Die Flugschrift entsteht in Zusammenarbeit des Künstlers Lucas Cranach d. Ä., des Theologen Philipp Melanchthon und des Juristen Johannes Schwertfeger. 1521 erscheint sie anonym in deutschen und lateinischen Ausgaben unter einem neutralen Titelblatt.

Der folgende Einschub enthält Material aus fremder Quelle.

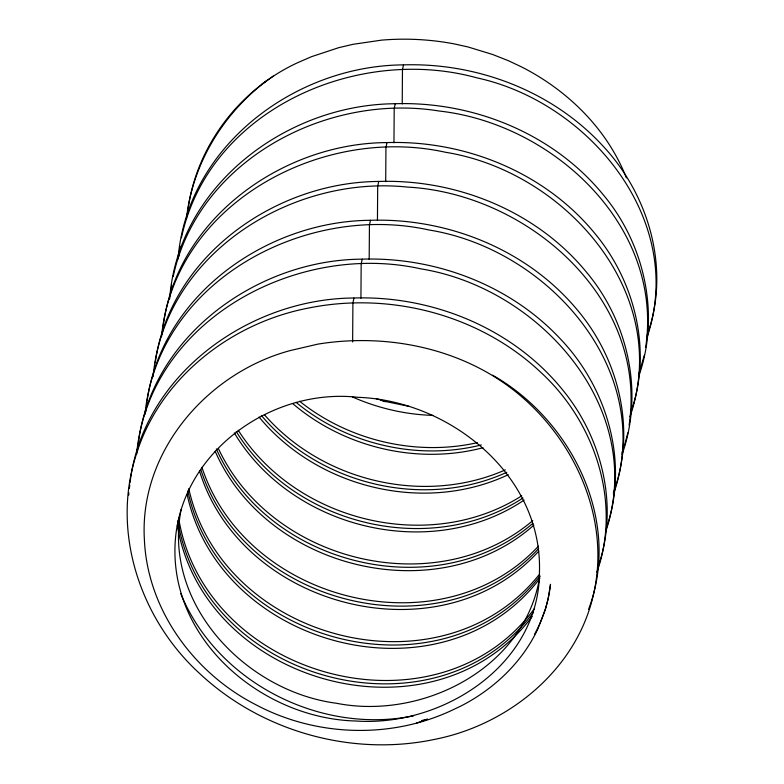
<?xml version="1.0" encoding="UTF-8"?>
<svg xmlns="http://www.w3.org/2000/svg" width="784" height="784" viewBox="0 0 784 784"><rect width="100%" height="100%" fill="white"/><g stroke="black" fill="none" stroke-linecap="round" stroke-linejoin="round"><path stroke-width="1.18" d="M352.633 341.971L352.908 302.928L353.956 298.008C431.994 295.509 511.913 327.928 561.795 388.854C601.769 436.815 618.909 505.033 598.702 565.039M360.934 298.234L361.169 264.071L362.218 259.151C435.659 256.858 510.58 285.258 560.883 339.452C606.257 387.276 628.004 458.914 608.09 522.879M369.186 259.377L369.431 225.224L370.469 220.294C448.507 217.805 528.426 250.223 578.308 311.14C618.292 359.101 635.432 427.319 615.215 487.334M377.447 220.529L377.682 186.367L378.731 181.447C456.768 178.948 536.687 211.366 586.569 272.283C628.258 321.881 643.968 392.872 622.055 454.504M385.708 181.672L385.944 147.51L386.992 142.59C465.03 140.091 544.949 172.509 594.831 233.436C635.589 282.25 652.513 352.222 630.601 412.933M393.96 142.815L394.205 108.653L395.254 103.733C473.291 101.234 553.21 133.652 603.092 194.579C644.781 244.177 660.491 315.158 638.568 376.79M402.221 103.958L402.466 69.796L403.505 64.876C476.946 62.583 551.867 90.983 602.181 145.177C647.251 192.727 669.124 263.796 649.681 327.487M128.752 495.116L128.86 492.842M629.131 425.144C647.966 298.057 527.083 193.54 407.67 187.102C291.521 174.675 163.905 254.251 153.115 376.702M645.653 347.43C663.803 226.164 553.092 123.676 439.118 111.014C326.585 92.669 197.94 160.318 173.156 276.634M187.347 214.904C194.02 149.244 238.434 89.631 298.273 62.426L311.581 56.654L338.766 47.667L353.055 44.306L381.592 40.131C405.759 38.093 430.171 39.347 454.005 43.855L468.136 46.991L492.734 54.527L508.473 60.74L521.615 66.954C567.783 90.415 607.326 129.193 626.357 177.86M129.38 488.344L129.772 484.973M130.026 482.719C142.825 374.742 249.165 298.547 353.956 298.008M136.592 454.416C148.588 320.264 297.097 241.149 420.881 268.863C539.617 287.973 647.457 408.689 605.532 532.209M137.376 451.741L137.641 449.487M138.033 446.116C149.558 337.12 256.672 259.622 362.218 259.151M144.981 414.432C157.702 280.839 305.74 202.419 429.142 230.016C548.281 249.136 656.375 370.724 613.411 494.459M145.765 411.757L146.157 408.386M146.549 405.005L146.941 401.633M154.546 368.402L154.811 366.148M161.504 336.718C174.215 203.125 322.263 124.715 445.665 152.302C564.794 171.422 672.888 293.01 629.934 416.745M162.288 334.053L162.68 330.672M162.935 328.427C175.097 219.941 281.828 143.09 386.992 142.59M169.628 298.988C177.978 185.935 286.189 104.39 395.254 103.733M170.932 291.815L171.716 285.062M178.017 259.014C186.925 146.441 294.872 65.572 403.505 64.876M178.801 256.339L179.193 252.967M179.458 250.713L179.977 246.215M186.406 219.03C192.315 164.003 223.332 113.014 267.511 80.144M147.147 400.516C162.396 294.608 267.187 220.98 370.469 220.294M155.203 362.776C169.961 256.358 275.037 182.084 378.731 181.447M181.124 509.492C162.406 604.248 245.951 691.4 336.512 703.277C422.88 720.3 525.652 667.86 539.862 576.005M181.418 237.777C208.769 109.731 357.181 44.727 476.799 77.832C589.607 102.204 687.774 221.656 646.447 339.041M644.37 355.093L638.48 375.173M624.603 445.175L627.857 432.797M647.123 335.219L649.387 328.604M621.967 452.887L623.094 449.585M613.333 492.842L614.46 489.539M606.581 527.289L607.708 523.986M596.898 572.173C621.683 502.387 594.85 422.39 541.695 373.174C480.739 315.06 390.599 291.364 308.484 308.053C230.035 323.008 157.907 379.613 135.279 457.758C111.642 534.678 141.512 620.85 200.136 673.966C261.817 731.462 351.82 756.815 434.385 739.43C508.767 724.906 577.426 669.115 593.772 593.135C610.844 516.676 573.212 436.002 512.54 389.295C458.189 347.351 385.052 333.2 317.961 344.107L290.364 350.536C207.603 372.616 139.209 451.368 144.374 539.382C147.294 609.746 194.118 673.338 255.966 704.787C315.227 736.264 388.697 739.155 449.908 711.245L460.404 706.296C493.548 689.45 522.222 662.509 538.02 628.562L545.517 608.894L548.114 598.917L550.505 584.305C548.643 601.887 542.979 619.007 534.443 634.472M588.549 609.403C622.075 521.007 571.644 420.048 492.597 375.193M539.862 576.093C441.774 702.199 220.608 644.35 187.797 490.862M539.804 578.543C442.284 705.894 219.912 647.986 187.082 494.234M534.286 608.835C435.669 741.448 204.212 677.856 178.536 517.46M533.571 612.206C434.953 744.731 203.536 681.374 177.821 520.831M532.199 616.489C433.278 747.495 203.918 684.697 177.282 525.309M539.255 574.554C440.275 698.034 222.333 640.401 188.758 488.608M538.52 546.125C440.294 651.151 245.911 601.671 201.929 467.313M538.628 548.633C440.461 654.983 244.236 605.238 200.812 469.596M538.735 551.142C440.363 659.266 241.423 608.266 199.45 470.782M533.826 525.192C436.58 611.216 266.295 568.87 215.159 451.212M532.728 520.664C436.002 602.72 271.558 562.206 218.471 448.703M532.895 523.33C435.473 607.032 267.756 565.195 216.345 448.909M261.905 84.172L273.312 76.068M524.133 500.074C430.788 562.941 291.55 528.661 234.318 432.895M521.723 495.821C429.573 554.474 296.205 521.585 238.179 430.161M522.977 498.007C430.171 558.571 293.843 525.27 236.249 431.523M505.347 469.881C424.134 505.719 322.43 481.435 264.443 414.746M506.778 472.301C424.144 509.992 319.48 484.698 261.346 415.442M508.208 474.722C424.467 514.157 317.52 488.099 259.043 417.029M416.431 723.152L427.515 719.173L421.655 720.565M477.378 442.676C415.863 456.474 348.753 440.569 299.596 401.232M481.356 444.93C417.451 460.933 346.744 444.332 296.097 402.368M482.983 447.742C417.274 464.99 344.147 447.546 292.608 403.505M413.629 715.841C320.333 734.824 216.933 682.335 180.732 593.566M433.033 415.373C405.279 414.589 377.751 408.131 352.369 396.92M408.993 406.347L386.679 401.741L376.3 398.703M380.887 400.261L385.473 401.78M539.47 571.418C539.676 664.852 442.548 726.925 356.142 721.015C265.453 718.859 174.087 644.722 174.93 549.878C175.557 456.553 268.393 387.227 357.994 397.312C449.526 400.575 542.165 474.839 539.47 571.418"/></g></svg>

Luther selbst ist an Konzeption und Ausarbeitung nicht beteiligt, liefert aber in seiner 1520 veröffentlichten Schrift „An den christlichen Adel deutscher Nation“ die argumentative Grundlage für das „Passional“. Seine Kritik am Ausbleiben kirchlicher Reformen spitzt er hier so weit zu, dass er den römischen Papst mit dem in der Offenbarung des Johannes beschriebenen Antichristus gleichsetzt.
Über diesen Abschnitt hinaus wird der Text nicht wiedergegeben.